Below are the records. List every line holding the word "robotmobilelib".

**Information supplied**
* * *
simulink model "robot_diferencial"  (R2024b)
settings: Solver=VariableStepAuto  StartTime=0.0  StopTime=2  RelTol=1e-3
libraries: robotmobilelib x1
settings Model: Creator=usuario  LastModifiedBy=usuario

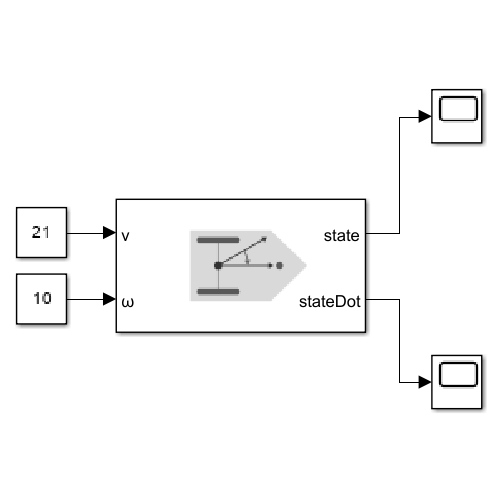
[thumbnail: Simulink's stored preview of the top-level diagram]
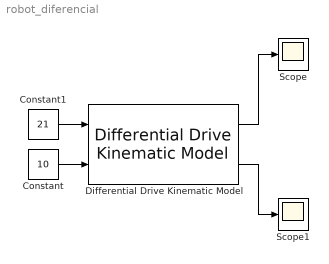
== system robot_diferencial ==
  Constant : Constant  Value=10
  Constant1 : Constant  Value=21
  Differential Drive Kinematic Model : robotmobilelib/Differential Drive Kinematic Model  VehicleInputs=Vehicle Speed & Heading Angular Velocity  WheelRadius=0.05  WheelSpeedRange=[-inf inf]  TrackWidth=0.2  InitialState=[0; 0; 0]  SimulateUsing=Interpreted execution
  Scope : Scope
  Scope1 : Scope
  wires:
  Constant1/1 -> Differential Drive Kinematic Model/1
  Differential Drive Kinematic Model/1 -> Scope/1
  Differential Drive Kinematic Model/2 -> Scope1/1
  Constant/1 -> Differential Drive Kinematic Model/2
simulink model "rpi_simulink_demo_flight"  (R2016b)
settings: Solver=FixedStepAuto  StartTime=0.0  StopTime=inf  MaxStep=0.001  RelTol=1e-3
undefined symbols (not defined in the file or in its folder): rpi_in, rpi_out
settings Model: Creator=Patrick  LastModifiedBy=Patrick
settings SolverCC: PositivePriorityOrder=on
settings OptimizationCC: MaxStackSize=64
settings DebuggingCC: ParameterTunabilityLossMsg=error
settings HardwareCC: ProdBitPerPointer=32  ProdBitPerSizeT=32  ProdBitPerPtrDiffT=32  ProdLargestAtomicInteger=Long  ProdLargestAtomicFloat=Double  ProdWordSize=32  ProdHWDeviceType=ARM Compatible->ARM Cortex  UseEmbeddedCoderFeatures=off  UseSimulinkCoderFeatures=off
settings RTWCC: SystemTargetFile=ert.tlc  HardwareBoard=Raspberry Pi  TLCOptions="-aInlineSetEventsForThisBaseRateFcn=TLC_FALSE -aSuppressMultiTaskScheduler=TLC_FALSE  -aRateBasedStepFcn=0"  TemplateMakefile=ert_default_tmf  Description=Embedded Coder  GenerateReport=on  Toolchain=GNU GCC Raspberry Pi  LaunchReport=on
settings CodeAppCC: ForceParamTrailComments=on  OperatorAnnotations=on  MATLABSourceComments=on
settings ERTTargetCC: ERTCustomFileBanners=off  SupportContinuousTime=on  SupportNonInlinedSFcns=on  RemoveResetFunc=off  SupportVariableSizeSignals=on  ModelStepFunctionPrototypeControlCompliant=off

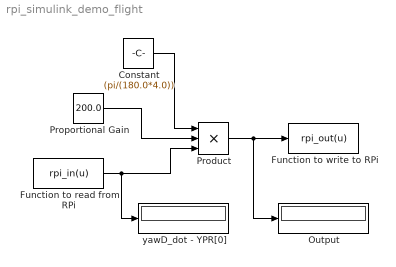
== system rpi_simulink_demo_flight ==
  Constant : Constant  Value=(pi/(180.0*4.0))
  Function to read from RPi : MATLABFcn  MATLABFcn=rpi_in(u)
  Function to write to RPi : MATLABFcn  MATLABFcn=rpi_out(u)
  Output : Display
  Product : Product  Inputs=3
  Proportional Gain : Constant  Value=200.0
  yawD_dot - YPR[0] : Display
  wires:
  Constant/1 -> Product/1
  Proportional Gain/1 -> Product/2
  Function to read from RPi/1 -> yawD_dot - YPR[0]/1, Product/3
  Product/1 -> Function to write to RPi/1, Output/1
* * *
**Solution to this exercise**
libraries: robotmobilelib x1
  Differential Drive Kinematic Model : robotmobilelib/Differential Drive Kinematic Model  VehicleInputs=Vehicle Speed & Heading Angular Velocity  WheelRadius=0.05  WheelSpeedRange=[-inf inf]  TrackWidth=0.2  InitialState=[0; 0; 0]  SimulateUsing=Interpreted execution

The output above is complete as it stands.